Я с пару секунд не мог пошевелиться. Пытался понять, что всё это значит и почему оно такое. В руке лежал пауэрбанк с рисунком милого волчонка. Сжав его покрепче, я радостный рванул к мамонту. Тот выглядел даже лучше с позолотевшем от небольшого подъёма солнца…
Вдруг под моей рукой оказалось что-то мягкое. Пальцы ощутили слегка грубую, но всё равно приятную на ощупь шерсть. Волк сам медленно подполз ко мне, как будто нашёл сородича. Он даже позволил себя погладить по голове, прижал ушки – природные локаторы, которые раньше предупреждали об опасности, но теперь мирно лежали. Его дрожь слилась с моей в общий ритм. На мгновение я забыл о десятки глаз хищников, мелькающих вокруг…
Я потерял связь с реальностью в этих поглаживаниях, но скоро она постучалась ко мне в сознание. От костра остались лишь тлеющие угли. Волки медленно приближались. Они знали: мне некуда бежать и нечем защищаться. Это придавало им терпения дождаться, пока угли остынут…
Я ощутил что-то, что терзало душу… но это был не ужас. Это была жалость к волку, лежащему под моей рукой, и стыд за то, что я ему сделал.
Я повёл рукой к его ране. Когда пальцы коснулись её, зверь взвыл от нахлынувшей боли. «Прости!..» – умоляюще прошептал я, резко отдёрнув руку. Его боль передавалась мне – она отзывалась в кончиках дрожащих пальцев.
Я начал рыться в рюкзаке, вызвав волнение у волка. Когда я вытащил из волонтёрской аптечки бинт с резко пахнущим йодом, он вовсе отскочил от меня. Неизвестность вновь пугала его…
Вдруг я понял, что кое-что пропустил. Посмотрев в аптечку, на дне я увидел пауэрбанк с рисунком волка. Я долго не мог найти его, а он всё это время лежал здесь.

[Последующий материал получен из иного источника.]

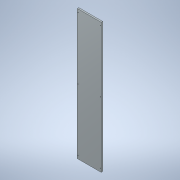
# Autodesk Inventor part: Back_plate_profile_V2
Saved by Autodesk Inventor 2022 (Build 260153000, 153)
## iProperties
Created: 2021-11-04
Part Number: Back_plate_profile_V2
Material: Generic
Document SubType Name: Modeling
Designer: espen
Density: 1 g/cm^3
Appearance: Zink
Author: espen
Autodesk Inventor part; units mm, degrees
ref_plane "YZ Plane" through (0, 0, 0) normal (1, 0, 0) x (0, 1, 0)
ref_plane "XZ Plane" through (0, 0, 0) normal (0, 1, 0) x (-1, 0, 0)
ref_plane "XY Plane" through (0, 0, 0) normal (0, 0, 1) x (1, 0, 0)
sketch "Sketch1" plane through (0, 0, 0) normal (0, 0, 1) x (1, 0, 0)
  line L0 (0, 0) -> (77, 0)
  line L1 (77, 0) -> (77, 420)
  line L2 (77, 420) -> (0, 420)
  line L3 (0, 420) -> (0, 0)
  line L4 (38.5, 420) -> (38.5, -89.9361)
  circle A0 centre (2.5, 410) radius 1
  circle A1 centre (2.5, 210) radius 1
  circle A2 centre (2.5, 10) radius 1
  circle A3 centre (74.5, 410) radius 1
  circle A4 centre (74.5, 210) radius 1
  circle A5 centre (74.5, 10) radius 1
  dimension "d0" = 420
  dimension "d1" = 77
  dimension "d2" = 2
  dimension "d3" = 2
  dimension "d4" = 2
  dimension "d5" = 2.5
  dimension "d6" = 10
  dimension "d7" = 2.5
  dimension "d8" = 210
  dimension "d9" = 2.5
  dimension "d10" = 410
  constraints: 10 end point, 6 centre point, 3 symmetric about line, 2 parallel, 1 horizontal, 1 midpoint, 1 perpendicular, 1 vertical, 3 other
  measures "d0" distance of L0.end L1.end
  measures "d1" distance of L0.start L0.end
  measures "d2" diameter of A0
  measures "d3" diameter of A1
  measures "d4" diameter of A2
  measures "d5" distance from line of L3 A0.centre
  measures "d6" distance from line of L2 A0.centre
  measures "d7" distance from line of L3 A1.centre
  measures "d8" distance from line of L2 A1.centre
  measures "d9" distance from line of L3 A2.centre
  measures "d10" distance from line of L2 A2.centre
extrude "Extrusion1" add sketch "Sketch1" along normal blind 5
body "Solid1"

Мне внезапно открылось то, насколько добры были ко мне все люди этого города. Не знаю, им ли я хотел отплатить, идя сюда? Или мне это нужно было, чтобы впечатлить её? А может, хотелось денег?..
Я нашёл его. Преступника, сбежавшего из тюрьмы и потерянного в лесах тайги на реке Магаданке. Мне положено крупное денежное вознаграждение и благодарность людей за покой: преступник не бродит в переулках, его нет в живых. Флешка, что он украл у прокурора, у её дяди, служит тому доказательством. Но кто знает, что на ней лежит?..
В моей жизни не цели. Я понял это, отходя от трупа преступника.
Впрочем, до дома живым мне всё равно не добраться.
Я вдохнул поглубже, переводя дух.
Держа перед собой бинт в одной руке и антисептик в другой, я снова обратился к волку, чтобы исполнить свою последнюю цель жизнь. «Я уже не доживу до утра, но у тебя… ещё будет шанс выжить», – сказал я с лёгкой улыбкой, глядя ему в глаза. Показывая ему на раскрытых ладонях средства помощи, я как бы говорил: «Смотри, это не опасно», – и молил не бояться, пока ещё было время.
Но волку сложно было принять мою помощь. Он дрожал, чувствуя резкие запахи из мира людей. Я уже ощущал на себе дыхание одного из волков, дрожал от его рычания. Мою шею словно уже гладили волчьи клыки.